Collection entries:
────────────────────
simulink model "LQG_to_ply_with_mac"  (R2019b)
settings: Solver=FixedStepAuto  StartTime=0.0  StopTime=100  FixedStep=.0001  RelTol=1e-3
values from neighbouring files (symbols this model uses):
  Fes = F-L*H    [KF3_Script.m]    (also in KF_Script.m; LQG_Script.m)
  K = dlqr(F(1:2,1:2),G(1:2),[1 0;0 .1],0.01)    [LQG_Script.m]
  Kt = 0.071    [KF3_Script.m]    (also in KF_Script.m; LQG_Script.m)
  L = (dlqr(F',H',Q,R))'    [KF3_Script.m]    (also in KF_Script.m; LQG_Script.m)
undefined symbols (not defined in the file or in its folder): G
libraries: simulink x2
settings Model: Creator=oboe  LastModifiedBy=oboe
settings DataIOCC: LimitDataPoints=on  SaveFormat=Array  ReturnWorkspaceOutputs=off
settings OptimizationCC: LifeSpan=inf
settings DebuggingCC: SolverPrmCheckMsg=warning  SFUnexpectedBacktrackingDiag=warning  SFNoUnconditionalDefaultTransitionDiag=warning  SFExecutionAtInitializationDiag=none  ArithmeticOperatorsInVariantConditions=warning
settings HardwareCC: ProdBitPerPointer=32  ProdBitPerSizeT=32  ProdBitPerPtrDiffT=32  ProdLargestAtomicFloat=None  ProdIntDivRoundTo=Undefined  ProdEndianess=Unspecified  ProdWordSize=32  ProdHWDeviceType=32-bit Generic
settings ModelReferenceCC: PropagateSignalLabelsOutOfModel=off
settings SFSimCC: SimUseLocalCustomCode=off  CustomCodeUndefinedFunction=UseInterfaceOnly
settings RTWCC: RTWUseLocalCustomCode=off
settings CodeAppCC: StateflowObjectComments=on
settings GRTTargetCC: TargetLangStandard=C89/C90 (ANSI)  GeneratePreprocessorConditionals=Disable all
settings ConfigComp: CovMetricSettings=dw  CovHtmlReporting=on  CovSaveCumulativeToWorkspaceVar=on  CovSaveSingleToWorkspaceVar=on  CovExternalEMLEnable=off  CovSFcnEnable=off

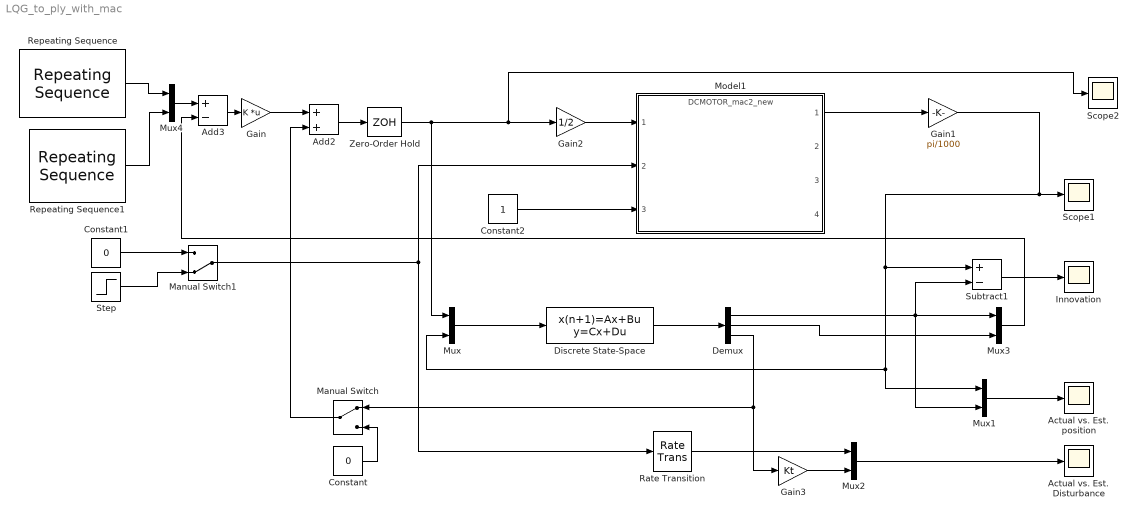
== system LQG_to_ply_with_mac ==
  Actual vs. Est. Disturbance : Scope
  Actual vs. Est. position : Scope
  Add2 : Sum
  Add3 : Sum  Inputs=+-
  Constant : Constant  Value=0
  Constant1 : Constant  Value=0
  Constant2 : Constant
  Demux : Demux  Outputs=3
  Discrete State-Space : DiscreteStateSpace  A=Fes  B=[G L]  C=eye(3)  D=zeros(3,2)  SampleTime=.001
  Gain : Gain  Gain=K  Multiplication=Matrix(K*u)
  Gain1 : Gain  Gain=pi/1000
  Gain2 : Gain  Gain=1/2
  Gain3 : Gain  Gain=Kt
  Innovation : Scope
  Manual Switch : ManualSwitch
  Manual Switch1 : ManualSwitch  CurrentSetting=0
  Model1 : ModelReference  ModelNameDialog=DCMOTOR_mac2_new.slxp  ModelReferenceVersion=1.21  CopyOfModelProtected=on
  Mux{,1..4} (5 alike) : Mux  Inputs=2
  Rate Transition : RateTransition
  Repeating Sequence : simulink/Sources/Repeating Sequence  rep_seq_t=[0 1 2 3 4]  rep_seq_y=[0 0 1 1 0]
  Repeating Sequence1 : simulink/Sources/Repeating Sequence  rep_seq_t=[0 1-0.001 1 2-0.001 2 3-0.001 3 4-0.001 4]  rep_seq_y=[0 0 1 1 0 0 -1 -1 0]
  Scope1 : Scope
  Scope2 : Scope
  Step : Step  After=.1  SampleTime=0
  Subtract1 : Sum  Inputs=+-
  Zero-Order Hold : ZeroOrderHold  SampleTime=0.001
  wires:
  Mux/1 -> Discrete State-Space/1
  Discrete State-Space/1 -> Demux/1
  Demux/1 -> Mux3/1, Mux1/2, Subtract1/2
  Mux1/1 -> Actual vs. Est. position/1
  Subtract1/1 -> Innovation/1
  Gain1/1 -> Mux/2, Mux1/1, Subtract1/1, Scope1/1
  Gain/1 -> Add2/1
  Add2/1 -> Zero-Order Hold/1
  Demux/3 -> Manual Switch/1, Gain3/1
  Mux2/1 -> Actual vs. Est. Disturbance/1
  Demux/2 -> Mux3/2
  Repeating Sequence/1 -> Mux4/1
  Repeating Sequence1/1 -> Mux4/2
  Mux4/1 -> Add3/1
  Mux3/1 -> Add3/2
  Add3/1 -> Gain/1
  Manual Switch/1 -> Add2/2
  Constant/1 -> Manual Switch/2
  Constant1/1 -> Manual Switch1/1
  Step/1 -> Manual Switch1/2
  Model1/1 -> Gain1/1
  Zero-Order Hold/1 -> Mux/1, Scope2/1, Gain2/1
  Gain2/1 -> Model1/1
  Manual Switch1/1 -> Rate Transition/1, Model1/2
  Gain3/1 -> Mux2/2
  Constant2/1 -> Model1/3
  Rate Transition/1 -> Mux2/1
────────────────────
> ASSIGNMENT:
Once you find the line with "Mux2/1 -> Actual vs. Est. Disturbance/1" in the entries above, output it and each line after it up to and including the line with "Constant1/1 -> Manual Switch1/1", and nothing else.

> RESPONSE BELOW:
  Mux2/1 -> Actual vs. Est. Disturbance/1
  Demux/2 -> Mux3/2
  Repeating Sequence/1 -> Mux4/1
  Repeating Sequence1/1 -> Mux4/2
  Mux4/1 -> Add3/1
  Mux3/1 -> Add3/2
  Add3/1 -> Gain/1
  Manual Switch/1 -> Add2/2
  Constant/1 -> Manual Switch/2
  Constant1/1 -> Manual Switch1/1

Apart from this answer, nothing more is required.